Monday, June 29, 2009

When It Comes to Michael, Cable News "Never Can Say Goodbye"

If you spent anytime watching the cable news networks as I did over this past weekend, you probably noticed an interesting phenomenon. The financial crisis is apparently over, the situation in Iran has evidently quieted down and no one cares any longer about Luv Guv Mark Sanford's startling discovery that the Appalachian trail extends well below the equator.

Yes, on CNN, MSNBC, Fox News and the morning network news shows, the only story was, and continues to be, Michael Jackson is still dead!

Apparently that's the only thing of any importance going on in the world right now. 24 hour cable news is all Michael, all the time. There hasn't been this much wall-to-wall coverage of Michael Jackson since the Michael Jackson trial in Santa Maria.

A trial for Michael meant a job for Craig.

And if it wasn't for Jackson's trial on child molestation charges, I probably wouldn't have ever started blogging.

On a day in the middle of February 2005 I was at home sitting on my couch minding my own business when I got a call from one of the secretarys at the County Counsel's office where I used to work telling me, "A producer from NBC News called here trying to reach you." I took the producer's number down and called her back. Turned out she had asked former sheriff Jim Thomas, who I had not seen in years, if he knew of any ex prosecutors from Santa Barbara who might be willing to be interviewed about the Michael Jackson trial. He gave her my name and she hunted me down.

She sent a news crew over to my house that day to talk to me. I'm told the story, which I recall was about the make up of the jury that had just been empaneled, ran on the network news over that weekend. I never saw it as shortly after I wrapped up the interview, I left for Canada and was gone for a week.

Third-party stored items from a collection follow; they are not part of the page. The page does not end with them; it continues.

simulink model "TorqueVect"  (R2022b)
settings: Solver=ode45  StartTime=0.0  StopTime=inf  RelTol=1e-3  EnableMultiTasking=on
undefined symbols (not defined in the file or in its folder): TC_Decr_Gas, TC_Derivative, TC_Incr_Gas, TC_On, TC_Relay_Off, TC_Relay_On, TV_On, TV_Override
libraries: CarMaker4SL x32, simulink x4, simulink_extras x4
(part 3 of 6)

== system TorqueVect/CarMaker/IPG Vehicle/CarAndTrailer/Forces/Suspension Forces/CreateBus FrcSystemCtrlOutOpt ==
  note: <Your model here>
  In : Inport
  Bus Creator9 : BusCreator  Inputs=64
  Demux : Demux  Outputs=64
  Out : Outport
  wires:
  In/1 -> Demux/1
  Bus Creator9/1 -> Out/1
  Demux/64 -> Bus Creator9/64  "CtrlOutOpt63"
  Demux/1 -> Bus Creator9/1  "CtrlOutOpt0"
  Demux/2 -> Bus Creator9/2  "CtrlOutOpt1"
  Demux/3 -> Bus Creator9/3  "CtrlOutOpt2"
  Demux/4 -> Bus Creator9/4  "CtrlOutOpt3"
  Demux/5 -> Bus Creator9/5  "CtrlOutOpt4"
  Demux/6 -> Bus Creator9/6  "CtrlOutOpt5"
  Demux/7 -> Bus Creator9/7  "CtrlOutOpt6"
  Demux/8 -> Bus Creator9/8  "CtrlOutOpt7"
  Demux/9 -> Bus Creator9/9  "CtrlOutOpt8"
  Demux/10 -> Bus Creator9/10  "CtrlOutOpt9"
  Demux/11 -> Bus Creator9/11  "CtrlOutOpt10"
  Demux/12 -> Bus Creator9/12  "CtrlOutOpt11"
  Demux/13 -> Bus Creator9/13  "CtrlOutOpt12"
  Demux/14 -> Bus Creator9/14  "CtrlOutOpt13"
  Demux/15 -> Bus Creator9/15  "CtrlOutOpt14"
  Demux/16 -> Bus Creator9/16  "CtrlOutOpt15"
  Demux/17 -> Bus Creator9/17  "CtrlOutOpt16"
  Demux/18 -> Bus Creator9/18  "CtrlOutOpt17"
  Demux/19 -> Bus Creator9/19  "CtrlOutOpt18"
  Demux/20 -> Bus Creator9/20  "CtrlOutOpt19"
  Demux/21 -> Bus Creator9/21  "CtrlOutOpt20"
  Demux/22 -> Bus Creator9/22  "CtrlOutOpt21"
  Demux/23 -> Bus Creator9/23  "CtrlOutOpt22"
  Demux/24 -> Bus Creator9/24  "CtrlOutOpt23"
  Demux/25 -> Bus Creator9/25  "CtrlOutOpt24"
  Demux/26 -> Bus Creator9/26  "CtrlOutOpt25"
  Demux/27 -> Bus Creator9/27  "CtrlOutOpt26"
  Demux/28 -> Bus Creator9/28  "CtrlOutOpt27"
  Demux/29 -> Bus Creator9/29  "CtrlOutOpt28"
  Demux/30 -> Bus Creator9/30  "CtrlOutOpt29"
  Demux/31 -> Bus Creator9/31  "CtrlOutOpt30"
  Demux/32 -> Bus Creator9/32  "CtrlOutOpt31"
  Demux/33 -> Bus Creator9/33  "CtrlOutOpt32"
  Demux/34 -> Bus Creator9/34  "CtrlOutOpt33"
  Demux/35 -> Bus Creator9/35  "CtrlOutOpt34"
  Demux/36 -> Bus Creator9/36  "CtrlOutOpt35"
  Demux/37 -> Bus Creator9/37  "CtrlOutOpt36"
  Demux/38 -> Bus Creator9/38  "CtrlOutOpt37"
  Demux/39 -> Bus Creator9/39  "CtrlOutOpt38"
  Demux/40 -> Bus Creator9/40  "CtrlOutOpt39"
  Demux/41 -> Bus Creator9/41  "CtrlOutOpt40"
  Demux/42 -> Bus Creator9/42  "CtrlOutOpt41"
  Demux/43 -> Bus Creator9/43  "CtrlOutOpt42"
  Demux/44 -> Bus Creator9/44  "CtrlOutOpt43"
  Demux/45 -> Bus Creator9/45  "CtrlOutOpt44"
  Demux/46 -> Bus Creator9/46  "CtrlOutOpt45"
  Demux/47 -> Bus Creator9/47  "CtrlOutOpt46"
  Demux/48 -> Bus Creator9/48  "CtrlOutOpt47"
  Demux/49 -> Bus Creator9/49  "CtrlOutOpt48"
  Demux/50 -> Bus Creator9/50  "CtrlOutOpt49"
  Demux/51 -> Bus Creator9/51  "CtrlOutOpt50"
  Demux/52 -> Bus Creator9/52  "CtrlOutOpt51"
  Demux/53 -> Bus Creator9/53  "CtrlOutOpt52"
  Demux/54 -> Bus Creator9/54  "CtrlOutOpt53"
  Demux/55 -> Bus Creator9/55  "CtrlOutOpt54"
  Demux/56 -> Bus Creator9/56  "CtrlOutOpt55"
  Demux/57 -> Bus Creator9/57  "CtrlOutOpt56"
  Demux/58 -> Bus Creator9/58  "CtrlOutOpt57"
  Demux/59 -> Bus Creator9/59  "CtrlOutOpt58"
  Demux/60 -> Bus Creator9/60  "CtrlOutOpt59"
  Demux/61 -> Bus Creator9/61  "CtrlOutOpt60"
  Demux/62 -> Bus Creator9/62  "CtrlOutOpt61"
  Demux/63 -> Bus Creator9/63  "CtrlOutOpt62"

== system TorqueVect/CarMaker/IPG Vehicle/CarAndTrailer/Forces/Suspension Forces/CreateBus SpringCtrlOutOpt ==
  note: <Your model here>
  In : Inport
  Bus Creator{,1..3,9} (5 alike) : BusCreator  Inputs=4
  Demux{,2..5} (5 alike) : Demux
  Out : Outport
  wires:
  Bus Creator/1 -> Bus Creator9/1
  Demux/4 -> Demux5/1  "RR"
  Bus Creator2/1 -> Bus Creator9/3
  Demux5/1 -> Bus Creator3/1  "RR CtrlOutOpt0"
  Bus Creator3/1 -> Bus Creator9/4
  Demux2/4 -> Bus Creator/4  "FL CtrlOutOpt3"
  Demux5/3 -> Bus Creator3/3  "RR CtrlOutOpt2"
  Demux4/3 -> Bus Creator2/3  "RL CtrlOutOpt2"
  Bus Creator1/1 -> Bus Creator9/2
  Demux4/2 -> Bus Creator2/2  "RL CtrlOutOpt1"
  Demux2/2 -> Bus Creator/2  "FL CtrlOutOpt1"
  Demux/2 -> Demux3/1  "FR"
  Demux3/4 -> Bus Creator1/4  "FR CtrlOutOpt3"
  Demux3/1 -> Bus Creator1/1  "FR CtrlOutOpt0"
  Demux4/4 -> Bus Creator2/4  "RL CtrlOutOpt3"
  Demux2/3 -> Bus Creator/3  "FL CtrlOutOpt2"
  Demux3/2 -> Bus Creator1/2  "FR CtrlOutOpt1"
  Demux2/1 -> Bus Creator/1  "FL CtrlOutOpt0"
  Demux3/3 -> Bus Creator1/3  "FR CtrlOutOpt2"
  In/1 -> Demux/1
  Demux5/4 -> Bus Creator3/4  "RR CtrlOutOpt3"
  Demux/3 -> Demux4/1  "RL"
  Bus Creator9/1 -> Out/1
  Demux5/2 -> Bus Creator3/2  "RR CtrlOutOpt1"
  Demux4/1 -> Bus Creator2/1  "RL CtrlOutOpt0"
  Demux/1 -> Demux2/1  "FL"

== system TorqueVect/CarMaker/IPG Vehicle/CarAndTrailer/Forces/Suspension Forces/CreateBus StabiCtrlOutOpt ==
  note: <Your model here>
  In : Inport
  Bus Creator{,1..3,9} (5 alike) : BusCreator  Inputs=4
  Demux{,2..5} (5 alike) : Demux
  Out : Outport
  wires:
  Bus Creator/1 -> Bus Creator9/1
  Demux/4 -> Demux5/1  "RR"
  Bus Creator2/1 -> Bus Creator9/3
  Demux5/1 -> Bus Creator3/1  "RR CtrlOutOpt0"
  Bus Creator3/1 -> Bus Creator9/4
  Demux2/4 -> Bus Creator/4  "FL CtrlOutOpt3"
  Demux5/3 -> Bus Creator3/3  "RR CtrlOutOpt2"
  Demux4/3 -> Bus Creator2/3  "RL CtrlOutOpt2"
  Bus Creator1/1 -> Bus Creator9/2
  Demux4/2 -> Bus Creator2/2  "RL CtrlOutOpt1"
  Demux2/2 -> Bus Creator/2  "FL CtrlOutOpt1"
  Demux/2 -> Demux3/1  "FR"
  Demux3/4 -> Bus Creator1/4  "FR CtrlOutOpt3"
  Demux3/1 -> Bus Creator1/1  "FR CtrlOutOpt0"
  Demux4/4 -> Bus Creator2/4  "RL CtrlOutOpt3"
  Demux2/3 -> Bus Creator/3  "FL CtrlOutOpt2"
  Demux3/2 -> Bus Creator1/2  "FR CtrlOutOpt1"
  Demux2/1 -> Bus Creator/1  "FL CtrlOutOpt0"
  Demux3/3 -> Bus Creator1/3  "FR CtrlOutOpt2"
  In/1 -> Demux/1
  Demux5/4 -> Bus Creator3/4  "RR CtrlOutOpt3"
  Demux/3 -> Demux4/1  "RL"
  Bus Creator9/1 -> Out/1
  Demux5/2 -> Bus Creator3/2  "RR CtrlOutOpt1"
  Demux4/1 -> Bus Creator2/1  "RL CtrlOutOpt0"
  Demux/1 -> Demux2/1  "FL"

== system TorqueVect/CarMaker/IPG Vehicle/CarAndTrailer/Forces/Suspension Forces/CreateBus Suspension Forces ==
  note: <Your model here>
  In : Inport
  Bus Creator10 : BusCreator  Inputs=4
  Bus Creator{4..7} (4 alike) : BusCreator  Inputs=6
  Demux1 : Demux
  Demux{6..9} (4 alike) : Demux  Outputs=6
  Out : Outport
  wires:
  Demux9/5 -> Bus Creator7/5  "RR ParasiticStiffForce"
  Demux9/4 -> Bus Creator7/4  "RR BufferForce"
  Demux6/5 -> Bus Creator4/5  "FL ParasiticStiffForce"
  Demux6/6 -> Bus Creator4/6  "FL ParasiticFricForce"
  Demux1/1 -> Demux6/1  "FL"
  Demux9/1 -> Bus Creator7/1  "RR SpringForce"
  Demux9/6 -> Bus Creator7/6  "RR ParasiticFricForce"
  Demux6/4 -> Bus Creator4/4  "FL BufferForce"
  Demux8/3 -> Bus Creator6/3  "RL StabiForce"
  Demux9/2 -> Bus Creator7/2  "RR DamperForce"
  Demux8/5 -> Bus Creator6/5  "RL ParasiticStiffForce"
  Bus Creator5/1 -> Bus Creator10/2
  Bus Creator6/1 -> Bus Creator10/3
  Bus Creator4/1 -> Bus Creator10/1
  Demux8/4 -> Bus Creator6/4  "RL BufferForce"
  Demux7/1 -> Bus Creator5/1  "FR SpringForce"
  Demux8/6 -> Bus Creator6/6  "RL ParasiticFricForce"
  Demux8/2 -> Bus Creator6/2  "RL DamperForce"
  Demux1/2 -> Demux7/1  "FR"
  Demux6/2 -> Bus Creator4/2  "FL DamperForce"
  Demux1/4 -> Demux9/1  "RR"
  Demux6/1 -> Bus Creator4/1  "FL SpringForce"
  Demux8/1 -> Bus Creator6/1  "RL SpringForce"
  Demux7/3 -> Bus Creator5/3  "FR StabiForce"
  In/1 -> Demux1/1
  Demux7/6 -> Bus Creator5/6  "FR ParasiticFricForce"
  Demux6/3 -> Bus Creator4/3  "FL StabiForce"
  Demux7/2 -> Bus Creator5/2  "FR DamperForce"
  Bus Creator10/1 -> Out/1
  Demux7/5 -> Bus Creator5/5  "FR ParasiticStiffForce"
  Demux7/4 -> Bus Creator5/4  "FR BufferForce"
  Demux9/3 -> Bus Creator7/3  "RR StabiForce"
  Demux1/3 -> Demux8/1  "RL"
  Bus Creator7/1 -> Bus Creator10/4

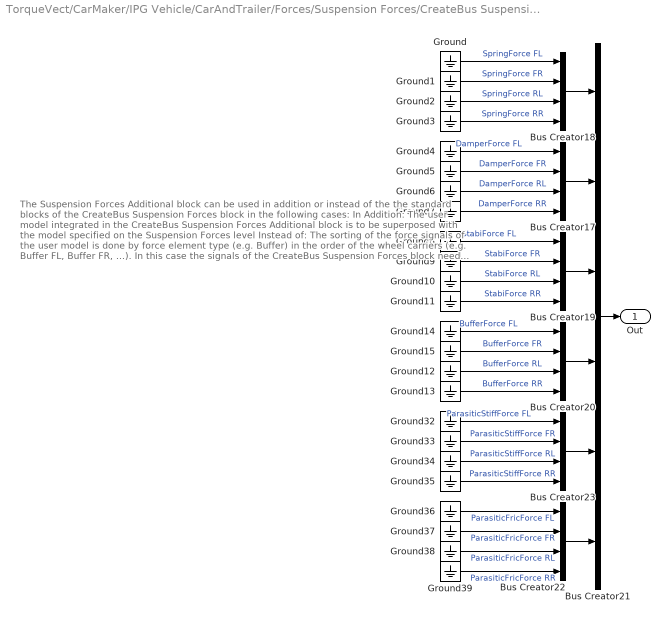
== system TorqueVect/CarMaker/IPG Vehicle/CarAndTrailer/Forces/Suspension Forces/CreateBus Suspension Forces Additional ==
  note: The Suspension Forces Additional block can be used in addition or instead of the
      | the standard blocks of the CreateBus Suspension Forces block in the following cases:
      |
      | In Addition: The user model integrated in the CreateBus Suspension Forces Additional block is to be superposed with the model specified on the Suspension Forces level
      | Instead of: The sorting of the force signals of the user model is done by force element type (e.g. Buffer) in the order of the wheel carriers (e.g. Buffer FL, Buffer FR, ...). In this case the signals of the CreateBus Suspension Forces block need to be disabled e.g. by manually connecting them to ground signals.
      |
      | ATTENTION : The forces given in the CreateBus Suspension Forces Additional block are internally added to the forces of the Suspension Forces block. If this is not desired, make sure to include a force model only in one of the two levels.
  Bus Creator{17..20,22..23} (6 alike) : BusCreator  Inputs=4
  Bus Creator21 : BusCreator  Inputs=6
  Ground{,1..15,32..39} (24 alike) : Ground
  Out : Outport
  wires:
  Ground1/1 -> Bus Creator18/2  "SpringForce FR"
  Ground9/1 -> Bus Creator19/2  "StabiForce FR"
  Ground8/1 -> Bus Creator19/1  "StabiForce FL"
  Bus Creator22/1 -> Bus Creator21/6
  Bus Creator21/1 -> Out/1
  Ground/1 -> Bus Creator18/1  "SpringForce FL"
  Ground36/1 -> Bus Creator22/1  "ParasiticFricForce FL"
  Ground2/1 -> Bus Creator18/3  "SpringForce RL"
  Ground5/1 -> Bus Creator17/2  "DamperForce FR"
  Ground15/1 -> Bus Creator20/2  "BufferForce FR"
  Ground35/1 -> Bus Creator23/4  "ParasiticStiffForce RR"
  Bus Creator20/1 -> Bus Creator21/4
  Bus Creator17/1 -> Bus Creator21/2
  Ground37/1 -> Bus Creator22/2  "ParasiticFricForce FR"
  Ground4/1 -> Bus Creator17/1  "DamperForce FL"
  Ground33/1 -> Bus Creator23/2  "ParasiticStiffForce FR"
  Bus Creator23/1 -> Bus Creator21/5
  Ground11/1 -> Bus Creator19/4  "StabiForce RR"
  Ground10/1 -> Bus Creator19/3  "StabiForce RL"
  Ground6/1 -> Bus Creator17/3  "DamperForce RL"
  Bus Creator19/1 -> Bus Creator21/3
  Ground7/1 -> Bus Creator17/4  "DamperForce RR"
  Bus Creator18/1 -> Bus Creator21/1
  Ground34/1 -> Bus Creator23/3  "ParasiticStiffForce RL"
  Ground3/1 -> Bus Creator18/4  "SpringForce RR"
  Ground12/1 -> Bus Creator20/3  "BufferForce RL"
  Ground38/1 -> Bus Creator22/3  "ParasiticFricForce RL"
  Ground14/1 -> Bus Creator20/1  "BufferForce FL"
  Ground39/1 -> Bus Creator22/4  "ParasiticFricForce RR"
  Ground32/1 -> Bus Creator23/1  "ParasiticStiffForce FL"
  Ground13/1 -> Bus Creator20/4  "BufferForce RR"

== system TorqueVect/CarMaker/IPG Vehicle/CarAndTrailer/Forces/Suspension Forces/CreateBus Suspension Forces CtrlOut ==
  note: <Your model here>
  In : Inport
  Bus Creator{,1..3,9} (5 alike) : BusCreator  Inputs=4
  Demux{,2..5} (5 alike) : Demux
  Out : Outport
  wires:
  Bus Creator3/1 -> Bus Creator9/4
  Demux2/4 -> Bus Creator/4  "FL BufferCtrlOut"
  Demux/4 -> Demux5/1  "RR"
  Bus Creator2/1 -> Bus Creator9/3
  Demux3/1 -> Bus Creator1/1  "FR SpringCtrlOut"
  Bus Creator/1 -> Bus Creator9/1
  Demux5/1 -> Bus Creator3/1  "RR SpringCtrlOut"
  Demux5/2 -> Bus Creator3/2  "RR DamperCtrlOut"
  Demux4/2 -> Bus Creator2/2  "RL DamperCtrlOut"
  Demux4/3 -> Bus Creator2/3  "RL StabiCtrlOut"
  Demux2/2 -> Bus Creator/2  "FL DamperCtrlOut"
  Demux/3 -> Demux4/1  "RL"
  Demux5/4 -> Bus Creator3/4  "RR BufferCtrlOut"
  In/1 -> Demux/1
  Demux2/1 -> Bus Creator/1  "FL SpringCtrlOut"
  Demux3/3 -> Bus Creator1/3  "FR StabiCtrlOut"
  Demux3/2 -> Bus Creator1/2  "FR DamperCtrlOut"
  Demux4/1 -> Bus Creator2/1  "RL SpringCtrlOut"
  Demux4/4 -> Bus Creator2/4  "RL BufferCtrlOut"
  Demux2/3 -> Bus Creator/3  "FL StabiCtrlOut"
  Bus Creator1/1 -> Bus Creator9/2
  Bus Creator9/1 -> Out/1
  Demux/1 -> Demux2/1  "FL"
  Demux/2 -> Demux3/1  "FR"
  Demux5/3 -> Bus Creator3/3  "RR StabiCtrlOut"
  Demux3/4 -> Bus Creator1/4  "FR BufferCtrlOut"

== system TorqueVect/CarMaker/IPG Vehicle/CarAndTrailer/Forces/Suspension Forces/Damper CreateBus CtrlOutOpt ==
  note: <Your model here>
  In : Inport
  Bus Creator{,1..3,9} (5 alike) : BusCreator  Inputs=4
  Demux{,2..5} (5 alike) : Demux
  Out : Outport
  wires:
  Bus Creator/1 -> Bus Creator9/1
  Demux/4 -> Demux5/1  "RR"
  Bus Creator2/1 -> Bus Creator9/3
  Demux5/1 -> Bus Creator3/1  "RR CtrlOutOpt0"
  Bus Creator3/1 -> Bus Creator9/4
  Demux2/4 -> Bus Creator/4  "FL CtrlOutOpt3"
  Demux5/3 -> Bus Creator3/3  "RR CtrlOutOpt2"
  Demux4/3 -> Bus Creator2/3  "RL CtrlOutOpt2"
  Bus Creator1/1 -> Bus Creator9/2
  Demux4/2 -> Bus Creator2/2  "RL CtrlOutOpt1"
  Demux2/2 -> Bus Creator/2  "FL CtrlOutOpt1"
  Demux/2 -> Demux3/1  "FR"
  Demux3/4 -> Bus Creator1/4  "FR CtrlOutOpt3"
  Demux3/1 -> Bus Creator1/1  "FR CtrlOutOpt0"
  Demux4/4 -> Bus Creator2/4  "RL CtrlOutOpt3"
  Demux2/3 -> Bus Creator/3  "FL CtrlOutOpt2"
  Demux3/2 -> Bus Creator1/2  "FR CtrlOutOpt1"
  Demux2/1 -> Bus Creator/1  "FL CtrlOutOpt0"
  Demux3/3 -> Bus Creator1/3  "FR CtrlOutOpt2"
  In/1 -> Demux/1
  Demux5/4 -> Bus Creator3/4  "RR CtrlOutOpt3"
  Demux/3 -> Demux4/1  "RL"
  Bus Creator9/1 -> Out/1
  Demux5/2 -> Bus Creator3/2  "RR CtrlOutOpt1"
  Demux4/1 -> Bus Creator2/1  "RL CtrlOutOpt0"
  Demux/1 -> Demux2/1  "FL"

== system TorqueVect/CarMaker/IPG Vehicle/CarAndTrailer/Forces/Suspension Forces/FrcSystem CreateBus CtrlOutOpt ==
  note: <Your model here>
  In : Inport
  Bus Creator9 : BusCreator  Inputs=64
  Demux : Demux  Outputs=64
  Out : Outport
  wires:
  In/1 -> Demux/1
  Bus Creator9/1 -> Out/1
  Demux/64 -> Bus Creator9/64  "CtrlOutOpt63"
  Demux/1 -> Bus Creator9/1  "CtrlOutOpt0"
  Demux/2 -> Bus Creator9/2  "CtrlOutOpt1"
  Demux/3 -> Bus Creator9/3  "CtrlOutOpt2"
  Demux/4 -> Bus Creator9/4  "CtrlOutOpt3"
  Demux/5 -> Bus Creator9/5  "CtrlOutOpt4"
  Demux/6 -> Bus Creator9/6  "CtrlOutOpt5"
  Demux/7 -> Bus Creator9/7  "CtrlOutOpt6"
  Demux/8 -> Bus Creator9/8  "CtrlOutOpt7"
  Demux/9 -> Bus Creator9/9  "CtrlOutOpt8"
  Demux/10 -> Bus Creator9/10  "CtrlOutOpt9"
  Demux/11 -> Bus Creator9/11  "CtrlOutOpt10"
  Demux/12 -> Bus Creator9/12  "CtrlOutOpt11"
  Demux/13 -> Bus Creator9/13  "CtrlOutOpt12"
  Demux/14 -> Bus Creator9/14  "CtrlOutOpt13"
  Demux/15 -> Bus Creator9/15  "CtrlOutOpt14"
  Demux/16 -> Bus Creator9/16  "CtrlOutOpt15"
  Demux/17 -> Bus Creator9/17  "CtrlOutOpt16"
  Demux/18 -> Bus Creator9/18  "CtrlOutOpt17"
  Demux/19 -> Bus Creator9/19  "CtrlOutOpt18"
  Demux/20 -> Bus Creator9/20  "CtrlOutOpt19"
  Demux/21 -> Bus Creator9/21  "CtrlOutOpt20"
  Demux/22 -> Bus Creator9/22  "CtrlOutOpt21"
  Demux/23 -> Bus Creator9/23  "CtrlOutOpt22"
  Demux/24 -> Bus Creator9/24  "CtrlOutOpt23"
  Demux/25 -> Bus Creator9/25  "CtrlOutOpt24"
  Demux/26 -> Bus Creator9/26  "CtrlOutOpt25"
  Demux/27 -> Bus Creator9/27  "CtrlOutOpt26"
  Demux/28 -> Bus Creator9/28  "CtrlOutOpt27"
  Demux/29 -> Bus Creator9/29  "CtrlOutOpt28"
  Demux/30 -> Bus Creator9/30  "CtrlOutOpt29"
  Demux/31 -> Bus Creator9/31  "CtrlOutOpt30"
  Demux/32 -> Bus Creator9/32  "CtrlOutOpt31"
  Demux/33 -> Bus Creator9/33  "CtrlOutOpt32"
  Demux/34 -> Bus Creator9/34  "CtrlOutOpt33"
  Demux/35 -> Bus Creator9/35  "CtrlOutOpt34"
  Demux/36 -> Bus Creator9/36  "CtrlOutOpt35"
  Demux/37 -> Bus Creator9/37  "CtrlOutOpt36"
  Demux/38 -> Bus Creator9/38  "CtrlOutOpt37"
  Demux/39 -> Bus Creator9/39  "CtrlOutOpt38"
  Demux/40 -> Bus Creator9/40  "CtrlOutOpt39"
  Demux/41 -> Bus Creator9/41  "CtrlOutOpt40"
  Demux/42 -> Bus Creator9/42  "CtrlOutOpt41"
  Demux/43 -> Bus Creator9/43  "CtrlOutOpt42"
  Demux/44 -> Bus Creator9/44  "CtrlOutOpt43"
  Demux/45 -> Bus Creator9/45  "CtrlOutOpt44"
  Demux/46 -> Bus Creator9/46  "CtrlOutOpt45"
  Demux/47 -> Bus Creator9/47  "CtrlOutOpt46"
  Demux/48 -> Bus Creator9/48  "CtrlOutOpt47"
  Demux/49 -> Bus Creator9/49  "CtrlOutOpt48"
  Demux/50 -> Bus Creator9/50  "CtrlOutOpt49"
  Demux/51 -> Bus Creator9/51  "CtrlOutOpt50"
  Demux/52 -> Bus Creator9/52  "CtrlOutOpt51"
  Demux/53 -> Bus Creator9/53  "CtrlOutOpt52"
  Demux/54 -> Bus Creator9/54  "CtrlOutOpt53"
  Demux/55 -> Bus Creator9/55  "CtrlOutOpt54"
  Demux/56 -> Bus Creator9/56  "CtrlOutOpt55"
  Demux/57 -> Bus Creator9/57  "CtrlOutOpt56"
  Demux/58 -> Bus Creator9/58  "CtrlOutOpt57"
  Demux/59 -> Bus Creator9/59  "CtrlOutOpt58"
  Demux/60 -> Bus Creator9/60  "CtrlOutOpt59"
  Demux/61 -> Bus Creator9/61  "CtrlOutOpt60"
  Demux/62 -> Bus Creator9/62  "CtrlOutOpt61"
  Demux/63 -> Bus Creator9/63  "CtrlOutOpt62"

== system TorqueVect/CarMaker/IPG Vehicle/CarAndTrailer/Forces/Suspension Forces/Spring CreateBus CtrlOutOpt ==
  note: <Your model here>
  In : Inport
  Bus Creator{,1..3,9} (5 alike) : BusCreator  Inputs=4
  Demux{,2..5} (5 alike) : Demux
  Out : Outport
  wires:
  Bus Creator/1 -> Bus Creator9/1
  Demux/4 -> Demux5/1  "RR"
  Bus Creator2/1 -> Bus Creator9/3
  Demux5/1 -> Bus Creator3/1  "RR CtrlOutOpt0"
  Bus Creator3/1 -> Bus Creator9/4
  Demux2/4 -> Bus Creator/4  "FL CtrlOutOpt3"
  Demux5/3 -> Bus Creator3/3  "RR CtrlOutOpt2"
  Demux4/3 -> Bus Creator2/3  "RL CtrlOutOpt2"
  Bus Creator1/1 -> Bus Creator9/2
  Demux4/2 -> Bus Creator2/2  "RL CtrlOutOpt1"
  Demux2/2 -> Bus Creator/2  "FL CtrlOutOpt1"
  Demux/2 -> Demux3/1  "FR"
  Demux3/4 -> Bus Creator1/4  "FR CtrlOutOpt3"
  Demux3/1 -> Bus Creator1/1  "FR CtrlOutOpt0"
  Demux4/4 -> Bus Creator2/4  "RL CtrlOutOpt3"
  Demux2/3 -> Bus Creator/3  "FL CtrlOutOpt2"
  Demux3/2 -> Bus Creator1/2  "FR CtrlOutOpt1"
  Demux2/1 -> Bus Creator/1  "FL CtrlOutOpt0"
  Demux3/3 -> Bus Creator1/3  "FR CtrlOutOpt2"
  In/1 -> Demux/1
  Demux5/4 -> Bus Creator3/4  "RR CtrlOutOpt3"
  Demux/3 -> Demux4/1  "RL"
  Bus Creator9/1 -> Out/1
  Demux5/2 -> Bus Creator3/2  "RR CtrlOutOpt1"
  Demux4/1 -> Bus Creator2/1  "RL CtrlOutOpt0"
  Demux/1 -> Demux2/1  "FL"

== system TorqueVect/CarMaker/IPG Vehicle/CarAndTrailer/Forces/Suspension Forces/Stabi CreateBus CtrlOutOpt ==
  note: <Your model here>
  In : Inport
  Bus Creator{,1..3,9} (5 alike) : BusCreator  Inputs=4
  Demux{,2..5} (5 alike) : Demux
  Out : Outport
  wires:
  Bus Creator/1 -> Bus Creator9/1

When I returned, NBC called again and asked me to do another interview. What you may not know about these interviews is that they spend a half hour or so setting up their equipment, another half hour talking to you, and then they use maybe all of 12 seconds of what you say on the air.

Then NBC offered to get me a press pass so I could come up and watch the trial. Before I knew it, I was running off to join the circus, the media circus that is.

I was driving to Santa Maria several days a week in order to observe the trial. During the breaks and at the end of the day, I was one of a number of "legal analysts" who would stand in front of a microphone just outside the courtroom and answer reporter's questions. Those press conferences would be taped and then made available to any news organization who needed the sound bytes that came out of them for their daily stories on the trial.

Soon relatives in North Carolina were calling and saying, "we saw you on the news here." Another friend who was vacationing in the south of France e-mailed to tell me that he saw me on CNN International.

On those days on which I attended the trial, I was getting up early and doing the hour plus drive to Santa Maria. Court started at 8:30 every morning but you had to be in line to enter the courtroom by 8 am in order to go through security. Judge Rodney Melville wanted everyone in their seats well before Jackson would arrive.

There was a standing betting pool each day among the media as to whether Jackson would be late. Most of the time in the courtroom you could only see the back of his head. But even so he looked very slight and somewhat fragile. And even back then, you had to wonder if he was on something. Remember pajama day?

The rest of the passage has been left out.